> Task directions: Transcribe exactly the span of lines that begins the records and ends with the line holding "At the start: 33", both boundary lines included.

------ Given information ------

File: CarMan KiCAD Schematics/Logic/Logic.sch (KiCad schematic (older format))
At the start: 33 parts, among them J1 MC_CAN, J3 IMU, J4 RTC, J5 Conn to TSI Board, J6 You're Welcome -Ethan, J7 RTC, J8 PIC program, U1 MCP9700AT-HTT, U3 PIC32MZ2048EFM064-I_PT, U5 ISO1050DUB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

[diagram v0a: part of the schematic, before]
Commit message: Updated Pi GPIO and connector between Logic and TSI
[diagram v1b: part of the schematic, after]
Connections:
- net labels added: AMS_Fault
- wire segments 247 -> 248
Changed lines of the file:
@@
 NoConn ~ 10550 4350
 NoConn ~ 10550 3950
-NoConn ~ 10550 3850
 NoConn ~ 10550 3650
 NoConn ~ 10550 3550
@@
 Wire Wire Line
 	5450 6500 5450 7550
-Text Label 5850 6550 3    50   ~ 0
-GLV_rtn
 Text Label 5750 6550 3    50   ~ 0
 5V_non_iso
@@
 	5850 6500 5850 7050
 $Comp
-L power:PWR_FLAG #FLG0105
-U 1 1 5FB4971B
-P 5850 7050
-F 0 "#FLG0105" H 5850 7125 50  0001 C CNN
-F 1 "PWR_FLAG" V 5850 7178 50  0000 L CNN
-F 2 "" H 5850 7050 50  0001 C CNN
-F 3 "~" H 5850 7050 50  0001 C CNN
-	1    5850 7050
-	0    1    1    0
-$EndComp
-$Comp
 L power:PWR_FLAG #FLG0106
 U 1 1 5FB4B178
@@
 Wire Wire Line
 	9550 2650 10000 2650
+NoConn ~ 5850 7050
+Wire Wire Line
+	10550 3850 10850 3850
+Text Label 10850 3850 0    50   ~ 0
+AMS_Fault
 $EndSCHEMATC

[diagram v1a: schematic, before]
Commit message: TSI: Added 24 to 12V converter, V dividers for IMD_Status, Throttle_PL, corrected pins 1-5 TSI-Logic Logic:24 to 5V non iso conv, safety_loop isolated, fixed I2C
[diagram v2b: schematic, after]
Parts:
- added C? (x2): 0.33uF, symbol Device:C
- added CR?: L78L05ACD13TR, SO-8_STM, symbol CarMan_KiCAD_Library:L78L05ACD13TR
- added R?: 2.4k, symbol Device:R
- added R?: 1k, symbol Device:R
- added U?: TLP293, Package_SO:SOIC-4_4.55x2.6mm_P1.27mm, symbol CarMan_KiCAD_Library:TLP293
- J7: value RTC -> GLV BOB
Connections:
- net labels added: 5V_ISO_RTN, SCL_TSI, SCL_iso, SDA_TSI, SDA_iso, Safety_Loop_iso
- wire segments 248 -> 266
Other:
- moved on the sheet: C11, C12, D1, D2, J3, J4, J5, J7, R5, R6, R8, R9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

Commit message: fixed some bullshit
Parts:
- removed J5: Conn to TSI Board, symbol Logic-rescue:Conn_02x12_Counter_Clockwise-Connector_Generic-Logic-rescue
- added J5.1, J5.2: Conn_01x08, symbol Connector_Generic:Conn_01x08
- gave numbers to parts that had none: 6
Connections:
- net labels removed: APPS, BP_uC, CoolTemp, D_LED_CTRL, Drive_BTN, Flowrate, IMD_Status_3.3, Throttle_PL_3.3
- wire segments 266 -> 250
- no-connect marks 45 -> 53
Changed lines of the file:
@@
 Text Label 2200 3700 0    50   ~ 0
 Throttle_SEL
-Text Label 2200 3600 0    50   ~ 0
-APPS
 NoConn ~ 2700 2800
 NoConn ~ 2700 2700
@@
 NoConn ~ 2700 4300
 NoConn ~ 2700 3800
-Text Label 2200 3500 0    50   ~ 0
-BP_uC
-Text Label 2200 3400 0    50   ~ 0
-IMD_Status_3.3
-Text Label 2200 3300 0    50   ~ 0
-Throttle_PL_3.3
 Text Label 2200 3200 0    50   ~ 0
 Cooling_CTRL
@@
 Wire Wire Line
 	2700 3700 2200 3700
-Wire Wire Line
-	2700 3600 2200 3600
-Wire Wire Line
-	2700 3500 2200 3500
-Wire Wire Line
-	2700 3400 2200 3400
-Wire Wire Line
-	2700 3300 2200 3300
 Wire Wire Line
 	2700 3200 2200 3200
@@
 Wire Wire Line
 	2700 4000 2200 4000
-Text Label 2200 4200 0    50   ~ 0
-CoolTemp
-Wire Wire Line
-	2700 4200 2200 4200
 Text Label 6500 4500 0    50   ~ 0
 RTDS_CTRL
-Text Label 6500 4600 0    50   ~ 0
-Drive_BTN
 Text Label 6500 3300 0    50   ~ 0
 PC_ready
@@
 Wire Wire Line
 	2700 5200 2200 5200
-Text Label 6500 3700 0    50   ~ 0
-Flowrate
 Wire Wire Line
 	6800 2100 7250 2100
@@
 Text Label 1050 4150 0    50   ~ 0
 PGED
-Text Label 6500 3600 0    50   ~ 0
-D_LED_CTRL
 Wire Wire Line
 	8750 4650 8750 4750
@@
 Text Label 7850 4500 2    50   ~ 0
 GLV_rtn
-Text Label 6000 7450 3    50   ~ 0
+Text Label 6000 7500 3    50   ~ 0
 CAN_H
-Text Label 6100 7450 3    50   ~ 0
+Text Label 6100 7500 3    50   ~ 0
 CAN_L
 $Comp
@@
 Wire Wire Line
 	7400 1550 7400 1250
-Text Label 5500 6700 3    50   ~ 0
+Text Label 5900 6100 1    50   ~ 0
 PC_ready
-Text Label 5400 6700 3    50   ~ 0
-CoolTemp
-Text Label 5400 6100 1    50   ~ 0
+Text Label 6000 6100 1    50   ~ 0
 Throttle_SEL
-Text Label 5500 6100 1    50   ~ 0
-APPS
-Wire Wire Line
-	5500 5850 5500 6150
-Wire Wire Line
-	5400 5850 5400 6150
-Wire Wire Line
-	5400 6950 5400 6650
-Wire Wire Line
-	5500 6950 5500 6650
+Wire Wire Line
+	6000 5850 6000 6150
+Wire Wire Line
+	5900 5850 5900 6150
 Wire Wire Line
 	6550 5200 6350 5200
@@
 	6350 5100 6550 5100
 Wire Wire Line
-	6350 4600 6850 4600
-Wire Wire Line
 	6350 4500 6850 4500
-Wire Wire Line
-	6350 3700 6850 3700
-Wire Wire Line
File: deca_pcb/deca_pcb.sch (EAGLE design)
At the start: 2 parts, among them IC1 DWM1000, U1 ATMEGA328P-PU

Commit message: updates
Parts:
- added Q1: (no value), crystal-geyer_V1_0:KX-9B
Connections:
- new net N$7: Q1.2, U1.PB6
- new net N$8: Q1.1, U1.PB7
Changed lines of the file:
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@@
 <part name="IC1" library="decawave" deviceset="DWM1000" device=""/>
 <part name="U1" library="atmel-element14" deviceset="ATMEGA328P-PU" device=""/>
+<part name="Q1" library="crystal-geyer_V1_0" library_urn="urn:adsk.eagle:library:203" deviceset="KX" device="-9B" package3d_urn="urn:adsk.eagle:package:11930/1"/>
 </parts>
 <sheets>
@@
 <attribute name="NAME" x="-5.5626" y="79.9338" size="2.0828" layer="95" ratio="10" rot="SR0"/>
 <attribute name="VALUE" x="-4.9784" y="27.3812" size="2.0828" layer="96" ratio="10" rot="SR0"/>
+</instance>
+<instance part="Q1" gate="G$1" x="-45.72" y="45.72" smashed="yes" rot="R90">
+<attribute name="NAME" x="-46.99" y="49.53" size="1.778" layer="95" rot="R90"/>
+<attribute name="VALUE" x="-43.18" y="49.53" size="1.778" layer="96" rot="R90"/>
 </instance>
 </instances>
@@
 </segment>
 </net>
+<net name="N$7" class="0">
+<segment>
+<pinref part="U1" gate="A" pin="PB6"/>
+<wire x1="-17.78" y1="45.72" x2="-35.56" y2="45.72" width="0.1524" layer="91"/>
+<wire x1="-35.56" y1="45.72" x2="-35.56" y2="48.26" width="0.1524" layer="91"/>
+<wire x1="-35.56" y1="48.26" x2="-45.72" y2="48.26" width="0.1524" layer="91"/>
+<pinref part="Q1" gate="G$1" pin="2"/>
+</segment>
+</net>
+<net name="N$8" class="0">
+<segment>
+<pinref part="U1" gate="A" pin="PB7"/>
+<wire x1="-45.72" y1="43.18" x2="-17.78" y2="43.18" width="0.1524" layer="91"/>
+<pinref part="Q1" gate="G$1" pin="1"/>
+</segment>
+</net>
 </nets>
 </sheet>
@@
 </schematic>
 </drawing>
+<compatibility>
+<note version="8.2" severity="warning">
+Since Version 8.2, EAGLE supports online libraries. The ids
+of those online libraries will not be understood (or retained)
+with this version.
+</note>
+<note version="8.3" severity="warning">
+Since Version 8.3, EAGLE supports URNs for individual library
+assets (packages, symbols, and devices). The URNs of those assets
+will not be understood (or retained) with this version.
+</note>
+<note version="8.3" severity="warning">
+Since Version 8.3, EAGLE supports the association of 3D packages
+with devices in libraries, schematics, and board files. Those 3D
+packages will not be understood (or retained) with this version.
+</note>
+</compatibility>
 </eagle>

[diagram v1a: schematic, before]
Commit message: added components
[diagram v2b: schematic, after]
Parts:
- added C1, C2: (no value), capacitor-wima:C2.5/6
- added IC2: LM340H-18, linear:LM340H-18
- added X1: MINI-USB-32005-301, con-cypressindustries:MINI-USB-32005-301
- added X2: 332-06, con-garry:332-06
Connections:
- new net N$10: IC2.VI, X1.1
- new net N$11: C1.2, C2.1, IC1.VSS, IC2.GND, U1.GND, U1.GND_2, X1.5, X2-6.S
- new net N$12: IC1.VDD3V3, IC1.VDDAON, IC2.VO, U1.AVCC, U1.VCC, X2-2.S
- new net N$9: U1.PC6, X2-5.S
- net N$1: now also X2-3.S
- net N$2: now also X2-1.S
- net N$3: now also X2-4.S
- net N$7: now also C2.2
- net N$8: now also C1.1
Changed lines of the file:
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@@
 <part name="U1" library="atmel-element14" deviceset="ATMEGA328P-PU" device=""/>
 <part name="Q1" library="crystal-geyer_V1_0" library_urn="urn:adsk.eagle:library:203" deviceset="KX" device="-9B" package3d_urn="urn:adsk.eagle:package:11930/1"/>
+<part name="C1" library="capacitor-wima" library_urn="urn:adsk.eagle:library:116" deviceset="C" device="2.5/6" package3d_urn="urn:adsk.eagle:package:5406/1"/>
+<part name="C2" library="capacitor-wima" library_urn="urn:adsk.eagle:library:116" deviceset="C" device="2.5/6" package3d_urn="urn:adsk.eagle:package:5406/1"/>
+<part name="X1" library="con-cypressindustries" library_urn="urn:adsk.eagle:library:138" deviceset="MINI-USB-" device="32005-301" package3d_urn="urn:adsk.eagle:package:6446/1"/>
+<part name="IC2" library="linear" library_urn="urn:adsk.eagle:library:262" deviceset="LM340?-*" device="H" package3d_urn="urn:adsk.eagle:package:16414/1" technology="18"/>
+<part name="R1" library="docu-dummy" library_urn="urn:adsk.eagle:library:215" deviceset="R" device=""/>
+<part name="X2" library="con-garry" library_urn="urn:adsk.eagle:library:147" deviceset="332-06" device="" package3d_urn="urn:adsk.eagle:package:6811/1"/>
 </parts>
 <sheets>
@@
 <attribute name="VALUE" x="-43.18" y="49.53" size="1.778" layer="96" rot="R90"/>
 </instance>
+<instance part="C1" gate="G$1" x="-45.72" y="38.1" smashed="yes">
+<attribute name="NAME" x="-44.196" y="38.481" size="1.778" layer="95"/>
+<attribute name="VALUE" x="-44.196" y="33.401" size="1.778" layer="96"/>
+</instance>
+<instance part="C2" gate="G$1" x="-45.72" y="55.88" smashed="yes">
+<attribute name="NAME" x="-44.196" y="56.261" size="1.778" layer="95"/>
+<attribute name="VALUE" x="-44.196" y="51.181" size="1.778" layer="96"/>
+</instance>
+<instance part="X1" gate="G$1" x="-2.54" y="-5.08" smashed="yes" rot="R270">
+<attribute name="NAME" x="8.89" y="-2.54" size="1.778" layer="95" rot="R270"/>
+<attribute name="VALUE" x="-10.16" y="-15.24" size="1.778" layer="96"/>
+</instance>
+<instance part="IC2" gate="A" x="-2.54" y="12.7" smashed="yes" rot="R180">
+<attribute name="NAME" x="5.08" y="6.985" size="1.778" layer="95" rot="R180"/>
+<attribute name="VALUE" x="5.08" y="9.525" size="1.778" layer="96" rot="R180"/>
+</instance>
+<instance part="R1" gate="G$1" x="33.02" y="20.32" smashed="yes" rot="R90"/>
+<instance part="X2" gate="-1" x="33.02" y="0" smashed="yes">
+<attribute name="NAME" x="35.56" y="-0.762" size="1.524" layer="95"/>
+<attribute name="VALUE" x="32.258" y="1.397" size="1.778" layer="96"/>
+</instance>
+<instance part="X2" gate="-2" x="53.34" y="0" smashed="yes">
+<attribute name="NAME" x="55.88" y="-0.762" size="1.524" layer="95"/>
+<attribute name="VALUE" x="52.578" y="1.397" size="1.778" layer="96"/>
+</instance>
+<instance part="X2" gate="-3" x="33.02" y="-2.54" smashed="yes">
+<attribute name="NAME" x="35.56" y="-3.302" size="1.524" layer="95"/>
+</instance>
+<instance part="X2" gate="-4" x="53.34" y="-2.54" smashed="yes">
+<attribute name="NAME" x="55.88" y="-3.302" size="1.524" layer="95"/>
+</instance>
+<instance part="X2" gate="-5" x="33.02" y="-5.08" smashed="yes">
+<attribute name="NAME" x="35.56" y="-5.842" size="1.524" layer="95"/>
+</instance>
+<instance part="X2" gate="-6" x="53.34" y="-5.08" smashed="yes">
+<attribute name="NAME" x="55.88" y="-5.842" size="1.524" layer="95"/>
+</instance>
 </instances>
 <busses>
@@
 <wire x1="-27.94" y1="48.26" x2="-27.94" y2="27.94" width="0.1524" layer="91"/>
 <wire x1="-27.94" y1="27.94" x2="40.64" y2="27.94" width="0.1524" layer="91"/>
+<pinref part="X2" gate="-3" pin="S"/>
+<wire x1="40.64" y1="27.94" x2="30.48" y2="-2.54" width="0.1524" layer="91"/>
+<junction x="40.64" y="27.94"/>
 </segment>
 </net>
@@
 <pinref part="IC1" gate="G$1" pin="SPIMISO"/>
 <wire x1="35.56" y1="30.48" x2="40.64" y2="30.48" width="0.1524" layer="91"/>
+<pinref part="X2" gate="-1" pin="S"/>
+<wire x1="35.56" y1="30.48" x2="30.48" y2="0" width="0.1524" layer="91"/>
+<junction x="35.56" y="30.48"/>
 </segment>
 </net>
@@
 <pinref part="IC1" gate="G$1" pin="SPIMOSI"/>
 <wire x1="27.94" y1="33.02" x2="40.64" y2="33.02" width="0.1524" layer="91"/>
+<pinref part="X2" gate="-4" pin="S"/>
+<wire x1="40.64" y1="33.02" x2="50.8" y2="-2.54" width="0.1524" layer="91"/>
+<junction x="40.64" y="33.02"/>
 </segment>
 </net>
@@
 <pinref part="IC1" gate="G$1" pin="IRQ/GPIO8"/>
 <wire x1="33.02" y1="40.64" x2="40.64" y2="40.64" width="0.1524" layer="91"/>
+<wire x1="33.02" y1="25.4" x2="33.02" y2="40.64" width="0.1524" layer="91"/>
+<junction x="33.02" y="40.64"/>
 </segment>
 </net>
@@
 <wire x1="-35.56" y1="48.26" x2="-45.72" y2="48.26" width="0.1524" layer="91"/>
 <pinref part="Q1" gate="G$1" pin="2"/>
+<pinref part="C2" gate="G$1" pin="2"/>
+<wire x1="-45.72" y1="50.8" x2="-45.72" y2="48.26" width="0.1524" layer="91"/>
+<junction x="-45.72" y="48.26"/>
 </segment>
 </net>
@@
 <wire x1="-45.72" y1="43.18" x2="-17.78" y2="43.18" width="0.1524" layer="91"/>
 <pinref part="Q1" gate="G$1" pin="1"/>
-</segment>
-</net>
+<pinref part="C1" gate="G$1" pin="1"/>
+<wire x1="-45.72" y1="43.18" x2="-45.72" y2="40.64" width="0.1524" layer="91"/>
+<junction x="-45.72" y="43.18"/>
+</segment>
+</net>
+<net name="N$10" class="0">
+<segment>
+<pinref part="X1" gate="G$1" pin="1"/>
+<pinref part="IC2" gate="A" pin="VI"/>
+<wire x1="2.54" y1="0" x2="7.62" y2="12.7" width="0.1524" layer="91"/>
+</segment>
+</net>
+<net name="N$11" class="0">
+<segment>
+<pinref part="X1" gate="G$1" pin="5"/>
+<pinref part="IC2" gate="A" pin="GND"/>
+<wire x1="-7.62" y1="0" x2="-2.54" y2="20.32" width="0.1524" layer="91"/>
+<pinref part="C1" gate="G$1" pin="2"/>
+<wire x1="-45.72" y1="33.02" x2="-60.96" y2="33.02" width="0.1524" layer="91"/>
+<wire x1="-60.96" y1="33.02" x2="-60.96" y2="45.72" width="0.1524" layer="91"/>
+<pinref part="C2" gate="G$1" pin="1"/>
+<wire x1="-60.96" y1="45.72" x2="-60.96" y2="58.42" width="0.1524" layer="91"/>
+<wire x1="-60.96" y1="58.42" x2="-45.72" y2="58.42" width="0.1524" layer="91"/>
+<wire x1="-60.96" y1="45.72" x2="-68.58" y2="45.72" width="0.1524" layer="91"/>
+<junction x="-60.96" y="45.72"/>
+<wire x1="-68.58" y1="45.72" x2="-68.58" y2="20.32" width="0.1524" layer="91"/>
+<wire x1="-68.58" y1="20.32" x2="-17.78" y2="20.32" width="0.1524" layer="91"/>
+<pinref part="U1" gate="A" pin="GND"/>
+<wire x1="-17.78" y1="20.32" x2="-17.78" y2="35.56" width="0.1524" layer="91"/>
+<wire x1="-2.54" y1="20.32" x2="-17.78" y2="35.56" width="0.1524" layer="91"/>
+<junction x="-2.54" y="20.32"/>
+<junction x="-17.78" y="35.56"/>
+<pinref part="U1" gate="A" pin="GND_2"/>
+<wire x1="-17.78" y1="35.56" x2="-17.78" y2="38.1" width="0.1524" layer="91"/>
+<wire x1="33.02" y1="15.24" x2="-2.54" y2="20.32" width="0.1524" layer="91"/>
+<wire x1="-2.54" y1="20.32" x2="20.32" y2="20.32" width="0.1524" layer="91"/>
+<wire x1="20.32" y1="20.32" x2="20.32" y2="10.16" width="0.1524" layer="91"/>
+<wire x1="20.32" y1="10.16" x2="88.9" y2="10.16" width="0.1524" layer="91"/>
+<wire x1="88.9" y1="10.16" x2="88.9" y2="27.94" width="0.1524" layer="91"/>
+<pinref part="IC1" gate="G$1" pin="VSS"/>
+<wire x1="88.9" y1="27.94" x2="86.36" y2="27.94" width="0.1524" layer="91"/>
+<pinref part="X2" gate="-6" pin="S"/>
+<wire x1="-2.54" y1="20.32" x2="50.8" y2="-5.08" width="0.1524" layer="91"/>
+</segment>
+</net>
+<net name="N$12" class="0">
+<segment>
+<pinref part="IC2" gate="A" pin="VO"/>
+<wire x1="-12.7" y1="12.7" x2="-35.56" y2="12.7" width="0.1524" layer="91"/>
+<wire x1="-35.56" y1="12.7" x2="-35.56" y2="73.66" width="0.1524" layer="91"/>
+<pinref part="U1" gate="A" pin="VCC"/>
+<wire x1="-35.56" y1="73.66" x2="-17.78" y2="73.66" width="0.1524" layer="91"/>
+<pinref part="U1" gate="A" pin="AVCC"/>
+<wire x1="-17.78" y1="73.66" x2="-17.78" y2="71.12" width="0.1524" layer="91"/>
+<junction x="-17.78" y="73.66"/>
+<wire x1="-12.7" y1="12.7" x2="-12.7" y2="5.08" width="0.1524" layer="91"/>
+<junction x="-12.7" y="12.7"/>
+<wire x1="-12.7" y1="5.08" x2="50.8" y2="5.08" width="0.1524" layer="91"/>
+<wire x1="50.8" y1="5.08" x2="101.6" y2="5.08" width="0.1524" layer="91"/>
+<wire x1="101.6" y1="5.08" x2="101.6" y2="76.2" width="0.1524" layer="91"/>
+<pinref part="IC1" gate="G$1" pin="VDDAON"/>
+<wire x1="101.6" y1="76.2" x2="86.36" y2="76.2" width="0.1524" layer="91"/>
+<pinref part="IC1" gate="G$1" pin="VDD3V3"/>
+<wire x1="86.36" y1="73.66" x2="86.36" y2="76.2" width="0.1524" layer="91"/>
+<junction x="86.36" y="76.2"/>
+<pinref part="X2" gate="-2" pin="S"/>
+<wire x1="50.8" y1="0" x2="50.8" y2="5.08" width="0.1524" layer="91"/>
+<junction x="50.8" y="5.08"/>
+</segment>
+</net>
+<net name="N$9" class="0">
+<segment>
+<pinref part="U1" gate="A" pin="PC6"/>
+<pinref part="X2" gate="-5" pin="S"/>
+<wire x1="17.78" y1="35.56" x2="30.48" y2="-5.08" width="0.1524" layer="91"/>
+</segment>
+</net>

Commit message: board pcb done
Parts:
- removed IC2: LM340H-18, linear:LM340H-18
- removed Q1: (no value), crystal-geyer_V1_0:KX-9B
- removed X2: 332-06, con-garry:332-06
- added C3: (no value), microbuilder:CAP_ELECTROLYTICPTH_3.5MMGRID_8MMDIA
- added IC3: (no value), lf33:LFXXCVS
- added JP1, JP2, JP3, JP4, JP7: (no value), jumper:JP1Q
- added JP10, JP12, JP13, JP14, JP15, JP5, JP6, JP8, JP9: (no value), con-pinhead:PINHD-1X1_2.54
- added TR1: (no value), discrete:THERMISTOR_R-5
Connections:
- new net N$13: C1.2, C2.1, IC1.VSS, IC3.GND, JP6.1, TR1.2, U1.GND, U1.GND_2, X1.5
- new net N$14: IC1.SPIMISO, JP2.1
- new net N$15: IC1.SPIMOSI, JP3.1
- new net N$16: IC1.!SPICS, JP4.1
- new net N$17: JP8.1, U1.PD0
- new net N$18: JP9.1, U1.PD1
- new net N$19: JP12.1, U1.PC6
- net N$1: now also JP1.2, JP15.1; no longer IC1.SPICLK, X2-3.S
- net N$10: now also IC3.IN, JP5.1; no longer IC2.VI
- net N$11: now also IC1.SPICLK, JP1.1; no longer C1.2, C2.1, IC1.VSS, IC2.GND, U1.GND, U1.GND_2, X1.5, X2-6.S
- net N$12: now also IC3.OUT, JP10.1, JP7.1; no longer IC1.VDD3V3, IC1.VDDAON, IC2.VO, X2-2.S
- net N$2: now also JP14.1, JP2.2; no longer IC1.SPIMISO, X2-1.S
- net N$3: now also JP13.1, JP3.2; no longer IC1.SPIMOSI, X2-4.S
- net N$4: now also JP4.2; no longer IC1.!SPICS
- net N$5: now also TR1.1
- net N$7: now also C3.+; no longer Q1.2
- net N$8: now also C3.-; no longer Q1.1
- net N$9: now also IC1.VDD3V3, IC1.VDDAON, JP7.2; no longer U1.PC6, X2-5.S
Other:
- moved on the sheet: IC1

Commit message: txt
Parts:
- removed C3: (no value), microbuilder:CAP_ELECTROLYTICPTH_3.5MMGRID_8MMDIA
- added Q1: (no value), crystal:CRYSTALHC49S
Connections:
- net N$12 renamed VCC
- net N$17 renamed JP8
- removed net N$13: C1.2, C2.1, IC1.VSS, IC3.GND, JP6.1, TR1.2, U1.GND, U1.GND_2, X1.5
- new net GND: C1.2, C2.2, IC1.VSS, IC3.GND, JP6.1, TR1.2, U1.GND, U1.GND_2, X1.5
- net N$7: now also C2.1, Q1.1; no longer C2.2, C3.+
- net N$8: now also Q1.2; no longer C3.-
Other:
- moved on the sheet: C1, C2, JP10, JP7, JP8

------

> Answer section:
File: CarMan KiCAD Schematics/Logic/Logic.sch (KiCad schematic (older format))
At the start: 33 parts, among them J1 MC_CAN, J3 IMU, J4 RTC, J5 Conn to TSI Board, J6 You're Welcome -Ethan, J7 RTC, J8 PIC program, U1 MCP9700AT-HTT, U3 PIC32MZ2048EFM064-I_PT, U5 ISO1050DUB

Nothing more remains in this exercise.